Phi-3-mini trained on 3.3T tokens — much less than the Chinchilla-optimal compute for a 3.8B model, which would be ~76B tokens. The paper argues curated data with more passes outperforms uncurated data with the “right” token count. The ablation tables back this up; specifically, Section 3 reports Phi-3-mini reaching MMLU and HumanEval scores in the same range as much larger contemporary models trained on much more data.

The recipe in curriculum language

Mapped onto /articles/10-fine-tuning/distillation and /ship/17:

Step in the curriculum	Phi-3 equivalent
Seed prompts	Curriculum-aligned topics (math, code, reasoning, common-sense)
Paraphrase via teacher	Synthetic example generation by a frontier model
Quality filter	Rubric-graded by the same teacher; keep high-scoring only
Dedupe + eval contamination check	Done; specifics not public
SFT student	Standard transformer training with the curated mix
Soft KL distillation	Not reported. Phi-3 is response distillation only, no logit transfer.
Production routing	Out of scope for the paper

The biggest delta from the curriculum: Phi-3 uses response distillation, not logit distillation. They’re training the student on text the teacher generated, not on the teacher’s softmax distribution. That’s cheaper at training time, can use closed-API teachers, and matches what most teams realistically do.

Reproducibility status

Compute. Phi-3-mini training is reported at 3.3T tokens on a 3.8B model. Public estimates from independent groups put this at roughly 1500–2500 H100-days (the paper does not state the cluster size, so we describe the order of magnitude only).
Data. Filtered web data and synthetic data, neither of which is released. A team attempting replication would need to construct their own.
Tooling. Standard HuggingFace stack. Nothing exotic.
Realistic for a frontier lab? Yes — done.
Realistic for a well-funded startup? Partially. Generating 100Bs of synthetic tokens via teacher-model APIs costs millions; the compute is in the same range. A startup could plausibly replicate Phi-3-mini’s post-training stage on a Llama-3 base for far less.
Realistic for an academic group? Not at the full scale. The Phi-3 recipe (small model, curated synthetic, careful filtering) is widely reproducible at smaller scales — see /case-studies/05 for a docs-assistant-shaped version.
Realistic for a hobbyist? No, except as inspiration. The /ship/17 walkthrough scales the idea down to something feasible.

What’s still confidential

The paper is unusually detailed for a frontier-lab release, but several things remain unstated:

The exact prompting templates used to generate synthetic examples.
The topic taxonomy that drove generation (how the curriculum was chunked into seed prompts).
The quality-filter rubric — what specific scores were thresholds, what dimensions were graded.
Full training-data composition by category (the paper gives broad categories, not a fine-grained mix).
Hyperparameters for some stages.
The teacher model version used (e.g. GPT-4 vs GPT-4-Turbo; Microsoft does not commit in print).

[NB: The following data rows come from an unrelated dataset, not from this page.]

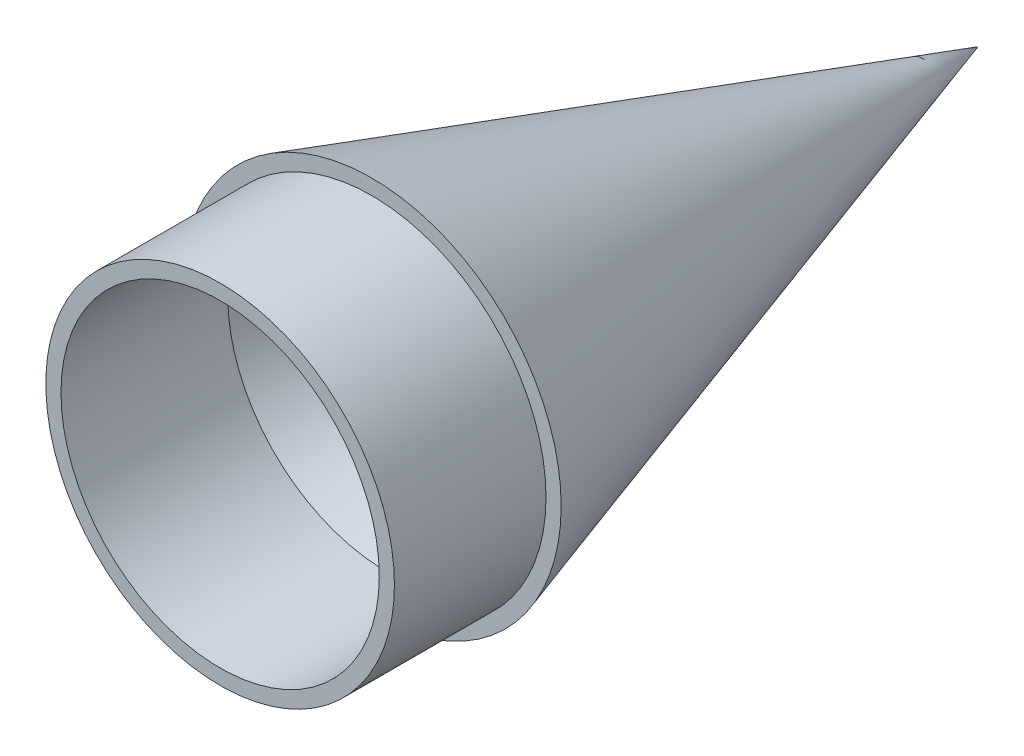
SolidWorks part; units mm, degrees
material "ABS"
ref_plane "Спереди" through (0, 0, 0) normal (0, 0, 1) x (1, 0, 0)
ref_plane "Сверху" through (0, 0, 0) normal (0, 1, 0) x (1, 0, 0)
ref_plane "Справа" through (0, 0, 0) normal (1, 0, 0) x (0, 0, -1)
sketch "Эскиз1" plane through (0, 0, 0) normal (0, 1, 0) x (1, 0, 0)
  line L0 (0, 0) -> (0, 80) construction
  line L1 (0, 0) -> (-25, 0) construction
  line L2 (0, 80) -> (-25, 0)
  line L3 (-25, 0) -> (-23, 0)
  line L4 (-23, 0) -> (-23, -20)
  line L5 (-21.7437, -20) -> (0, -20)
  line L6 (0, -20) -> (0, 80)
  line L7 (-21.7437, -20) -> (-23, -20)
  dimension "D1" = 25
  dimension "D2" = 2
  dimension "D3" = 20
  dimension "D4" = 23
  dimension "D5" = 100
revolve "Повернуть1" add sketch "Эскиз1" angle 360 about L6
shell "Оболочка1" thickness 2 removed face at (23, 0, 20)
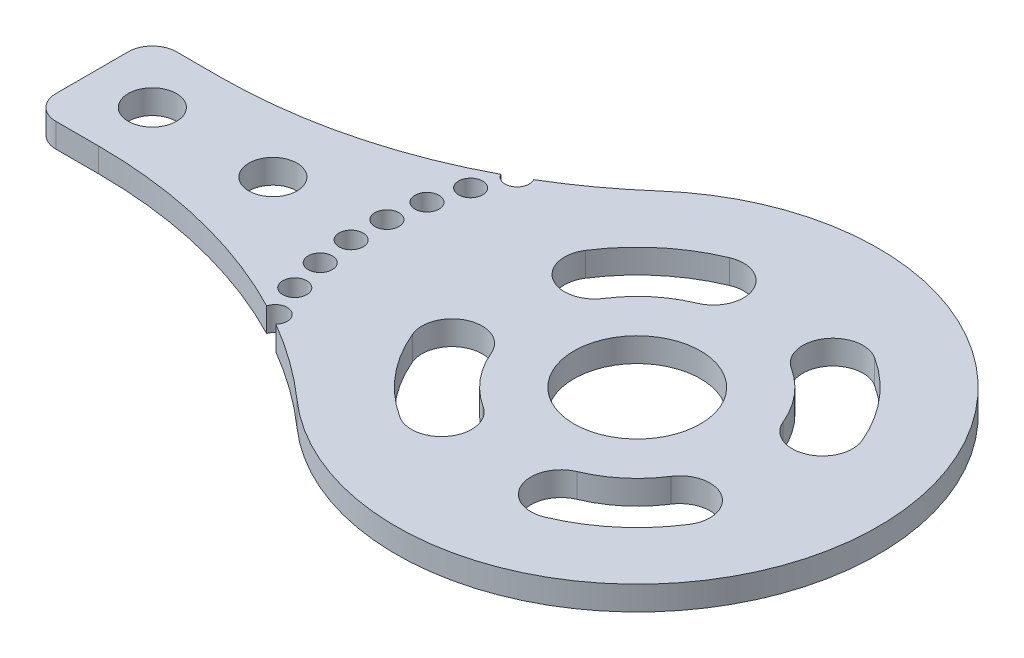
SolidWorks part; units mm, degrees
ref_plane "Спереди" through (0, 0, 0) normal (0, 0, 1) x (1, 0, 0)
ref_plane "Сверху" through (0, 0, 0) normal (0, 1, 0) x (1, 0, 0)
ref_plane "Справа" through (0, 0, 0) normal (1, 0, 0) x (0, 0, -1)
sketch "Эскиз1" plane through (0, 0, 0) normal (0, 1, 0) x (1, 0, 0)
  line L0 (0, -2) -> (0, -8)
  line L1 (2, -10) -> (5.5425, -10)
  line L2 (2, 0) -> (5.5425, 0)
  line L3 (5.5425, 0) -> (5.5425, -10) construction
  arc A0 (32, -20) -> (32, 10) centre (45.2288, -5) ccw
  arc A1 (5.5425, -10) -> (32, -20) centre (5.5425, -50) cw
  arc A2 (5.5425, 0) -> (32, 10) centre (5.5425, 40) ccw
  arc A3 (0, -8) -> (2, -10) centre (2, -8) ccw
  arc A4 (0, -2) -> (2, 0) centre (2, -2) cw
  point P12 (0, -10)
  point P15 (0, 0)
  dimension "D2" = 40
  dimension "D3" = 2
  dimension "D4" = 20
  dimension "D1" = 10
  dimension "D5" = 32
extrude "Бобышка-Вытянуть1" add sketch "Эскиз1" along normal blind 2
sketch "Эскиз2" plane through (0, 2, 0) normal (0, 1, 0) x (1, 0, 0)
  circle A2 centre (25.1372, 5.1281) radius 1
  circle A4 centre (45.2288, -5) radius 22.5 construction
  arc A5 (32, -20) -> (32, 10) centre (45.2288, -5) ccw construction
  arc A6 (5.5425, 0) -> (32, 10) centre (5.5425, 40) ccw construction
  dimension "D1" = 2
  dimension "D2" = 45
extrude "Вырез-Вытянуть1" cut sketch "Эскиз2" against normal through all
pattern_circular "Круговой массив1" count 8 every 7.5 about axis through (45.2288, 2, 5) along (0, 1, 0) of "Вырез-Вытянуть1"
sketch "Эскиз3" plane through (0, 2, 0) normal (0, 1, 0) x (1, 0, 0)
  line L0 (0, -2) -> (0, -8) construction
  line L3 (5, -10) -> (5, 0) construction
  line L4 (2, -10) -> (5.5425, -10) construction
  line L5 (5.5425, 0) -> (2, 0) construction
  circle A0 centre (5, -5) radius 2
  dimension "D1" = 4
  dimension "D2" = 5
extrude "Вырез-Вытянуть2" cut sketch "Эскиз3" against normal through all
pattern_linear "Линейный массив1" count 2 spacing 10 along (1, 0, 0) of "Вырез-Вытянуть2"
sketch "Эскиз4" plane through (0, 2, 0) normal (0, 1, 0) x (1, 0, 0)
  circle A0 centre (45.2288, -5) radius 11.75 construction
  arc A1 (32, -20) -> (32, 10) centre (45.2288, -5) ccw construction
  circle A2 centre (45.2288, 6.75) radius 2
  dimension "D1" = 4
  dimension "D2" = 23.5
extrude "Вырез-Вытянуть3" [suppressed] cut sketch "Эскиз4" against normal through all
pattern_circular "Круговой массив2" [suppressed] count 8 every 45 of bodies 108
sketch "Эскиз6" plane through (0, 2, 0) normal (0, 1, 0) x (1, 0, 0)
  line L0 (45.2288, -5) -> (34.7269, 5.5019) construction
  line L1 (45.2288, -5) -> (35.4788, -5) construction
  arc A0 (41.6704, 3.5381) -> (37.4462, -0.0008) centre (45.2288, -5) ccw
  arc A1 (32, -20) -> (32, 10) centre (45.2288, -5) ccw construction
  arc A2 (39.747, 8.1533) -> (33.2394, 2.7016) centre (45.2288, -5) ccw
  circle A4 centre (35.3428, 1.3504) radius 2.5
  circle A5 centre (40.7087, 5.8457) radius 2.5
  circle M8 centre (15, -5) radius 2
  dimension "D1" = 5
  dimension "D2" = 5
  dimension "D3" = 45
  dimension "D4" = 11.7499
  dimension "D5" = 7
extrude "Вырез-Вытянуть4" cut sketch "Эскиз6" against normal through all contours A4 | A5 A2 A4 A0 | A5 M8 region at (37.5163, 2, -4.2062) region at (40.7087, 2, -5.8457) region at (35.3428, 2, -1.3504)
pattern_circular "Круговой массив3" count 4 over 360 about axis through (45.2288, 2, 5) along (0, 1, 0) of "Вырез-Вытянуть4"
sketch "Эскиз7" plane through (0, 2, 0) normal (0, 1, 0) x (1, 0, 0)
  circle A0 centre (45.2288, -5) radius 5.25
  arc A1 (32, -20) -> (32, 10) centre (45.2288, -5) ccw construction
  dimension "D1" = 10.5
extrude "Вырез-Вытянуть5" cut sketch "Эскиз7" against normal through all
equation "\"thick\"= \"thick@балка.SLDASM\""
equation "\"D1@Бобышка-Вытянуть1\"=\"thick\""

These gaps are why Phi-3 is a field report, not a recipe. The paper teaches the shape; the implementation details remain proprietary.

What’s changed since

Phi-4 (December 2024) — 14B params, paper emphasizes ~70% synthetic data. Validates the Phi-3 thesis at larger scale.
Open replications — several open-weight models (notably some Qwen and Llama-3 derivatives) have explicitly cited Phi-3’s data-construction approach.
The “synthetic data dominates” thesis is now the consensus view for small-model post-training. Phi-3 was the inflection point.

What this teaches you

Read this back-to-back with /articles/10-fine-tuning/distillation and /ship/17:

The synthetic-data + distillation pattern from /ship/17 is not a toy version of how real labs work — it’s the same pattern, scaled.
The choice of response distillation vs logit distillation is the practical fork. Phi-3 picked response distillation because their teacher was an API-only frontier model. /ship/17 teaches both because either may be available to you.
The “boring” steps — filtering, dedupe, contamination checks — are the steps Microsoft puts the most paper-pages on. That maps to the curriculum’s claim that those are the highest-ROI moves.
Quality > quantity is now defensible from public data, not just folklore. Phi-3’s MMLU per training-token is a multiple of the same era’s web-trained models. The receipts are in the paper.